**SUPPLIED ENTRIES:**
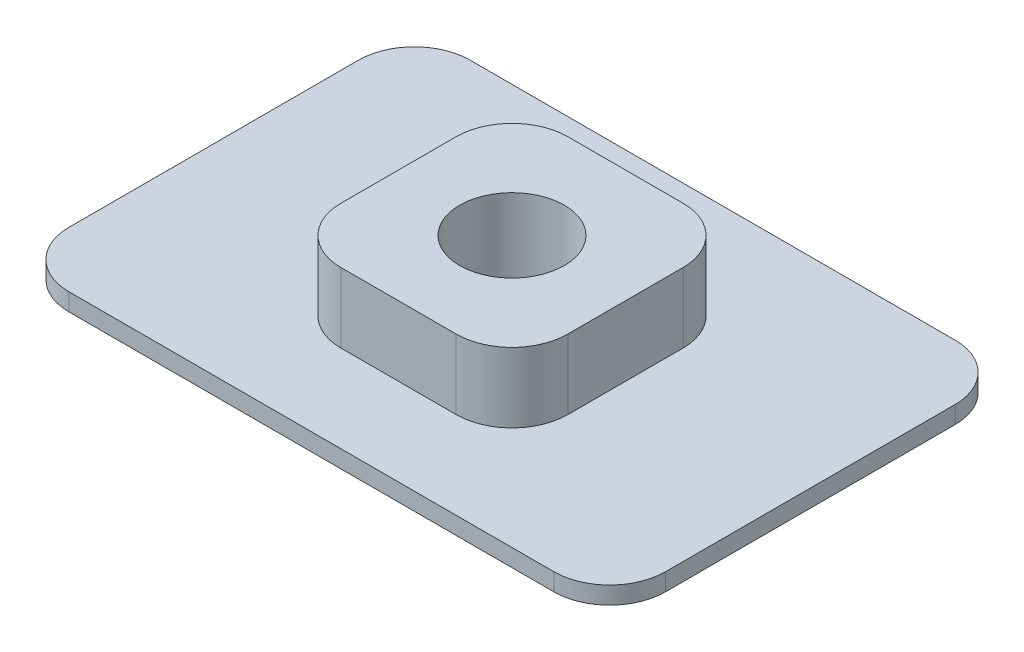
from build123d import *

# Parameters (mm, degrees)
CROQUIS1_W              = 85.5
CROQUIS1_H              = 57.5
SALIENTE_EXTRUIR1_DEPTH = 2.5
REDONDEO1_R             = 8
CROQUIS2_W              = 32.5
CROQUIS2_H              = 32.5
SALIENTE_EXTRUIR2_DEPTH = 10
REDONDEO2_R             = 8
CROQUIS3_R              = 7.5
CORTAR_EXTRUIR1_DEPTH   = 54.012970111


with BuildPart() as part:
    # Croquis1 → Saliente-Extruir1 (new body)
    with BuildSketch(Plane(origin=(0, 0, 0), x_dir=(1, 0, 0), z_dir=(0, 1, 0))):
        Rectangle(CROQUIS1_W, CROQUIS1_H)
    extrude(amount=SALIENTE_EXTRUIR1_DEPTH)

    # Redondeo1
    redondeo1_edges = [part.edges().sort_by_distance(p)[0] for p in [
        (42.75, 1.25, 28.75),
        (-42.75, 1.25, 28.75),
        (-42.75, 1.25, -28.75),
        (42.75, 1.25, -28.75),
    ]]
    fillet(redondeo1_edges, radius=REDONDEO1_R)

    # Croquis2 → Saliente-Extruir2 (add)
    with BuildSketch(Plane(origin=(0, 2.5, 0), x_dir=(1, 0, 0), z_dir=(0, 1, 0))):
        Rectangle(CROQUIS2_W, CROQUIS2_H)
    extrude(amount=SALIENTE_EXTRUIR2_DEPTH)

    # Redondeo2
    redondeo2_edges = [part.edges().sort_by_distance(p)[0] for p in [
        (16.25, 7.5, 16.25),
        (16.25, 7.5, -16.25),
        (-16.25, 7.5, -16.25),
        (-16.25, 7.5, 16.25),
    ]]
    fillet(redondeo2_edges, radius=REDONDEO2_R)

    # Croquis3 → Cortar-Extruir1 (cut, through all)
    with BuildSketch(Plane(origin=(0, 12.5, 0), x_dir=(1, 0, 0), z_dir=(0, 1, 0))):
        with Locations(Location((0, 0, 0), (0, 0, 270))):
            Circle(CROQUIS3_R)
    extrude(amount=-CORTAR_EXTRUIR1_DEPTH, mode=Mode.SUBTRACT)


solid = part.part

**TASK TO COMPLETE:**
Give back the full listing exactly as written, only without its pictures.

**RESPONSE BOX:**
from build123d import *

# Parameters (mm, degrees)
CROQUIS1_W              = 85.5
CROQUIS1_H              = 57.5
SALIENTE_EXTRUIR1_DEPTH = 2.5
REDONDEO1_R             = 8
CROQUIS2_W              = 32.5
CROQUIS2_H              = 32.5
SALIENTE_EXTRUIR2_DEPTH = 10
REDONDEO2_R             = 8
CROQUIS3_R              = 7.5
CORTAR_EXTRUIR1_DEPTH   = 54.012970111


with BuildPart() as part:
    # Croquis1 → Saliente-Extruir1 (new body)
    with BuildSketch(Plane(origin=(0, 0, 0), x_dir=(1, 0, 0), z_dir=(0, 1, 0))):
        Rectangle(CROQUIS1_W, CROQUIS1_H)
    extrude(amount=SALIENTE_EXTRUIR1_DEPTH)

    # Redondeo1
    redondeo1_edges = [part.edges().sort_by_distance(p)[0] for p in [
        (42.75, 1.25, 28.75),
        (-42.75, 1.25, 28.75),
        (-42.75, 1.25, -28.75),
        (42.75, 1.25, -28.75),
    ]]
    fillet(redondeo1_edges, radius=REDONDEO1_R)

    # Croquis2 → Saliente-Extruir2 (add)
    with BuildSketch(Plane(origin=(0, 2.5, 0), x_dir=(1, 0, 0), z_dir=(0, 1, 0))):
        Rectangle(CROQUIS2_W, CROQUIS2_H)
    extrude(amount=SALIENTE_EXTRUIR2_DEPTH)

    # Redondeo2
    redondeo2_edges = [part.edges().sort_by_distance(p)[0] for p in [
        (16.25, 7.5, 16.25),
        (16.25, 7.5, -16.25),
        (-16.25, 7.5, -16.25),
        (-16.25, 7.5, 16.25),
    ]]
    fillet(redondeo2_edges, radius=REDONDEO2_R)

    # Croquis3 → Cortar-Extruir1 (cut, through all)
    with BuildSketch(Plane(origin=(0, 12.5, 0), x_dir=(1, 0, 0), z_dir=(0, 1, 0))):
        with Locations(Location((0, 0, 0), (0, 0, 270))):
            Circle(CROQUIS3_R)
    extrude(amount=-CORTAR_EXTRUIR1_DEPTH, mode=Mode.SUBTRACT)


solid = part.part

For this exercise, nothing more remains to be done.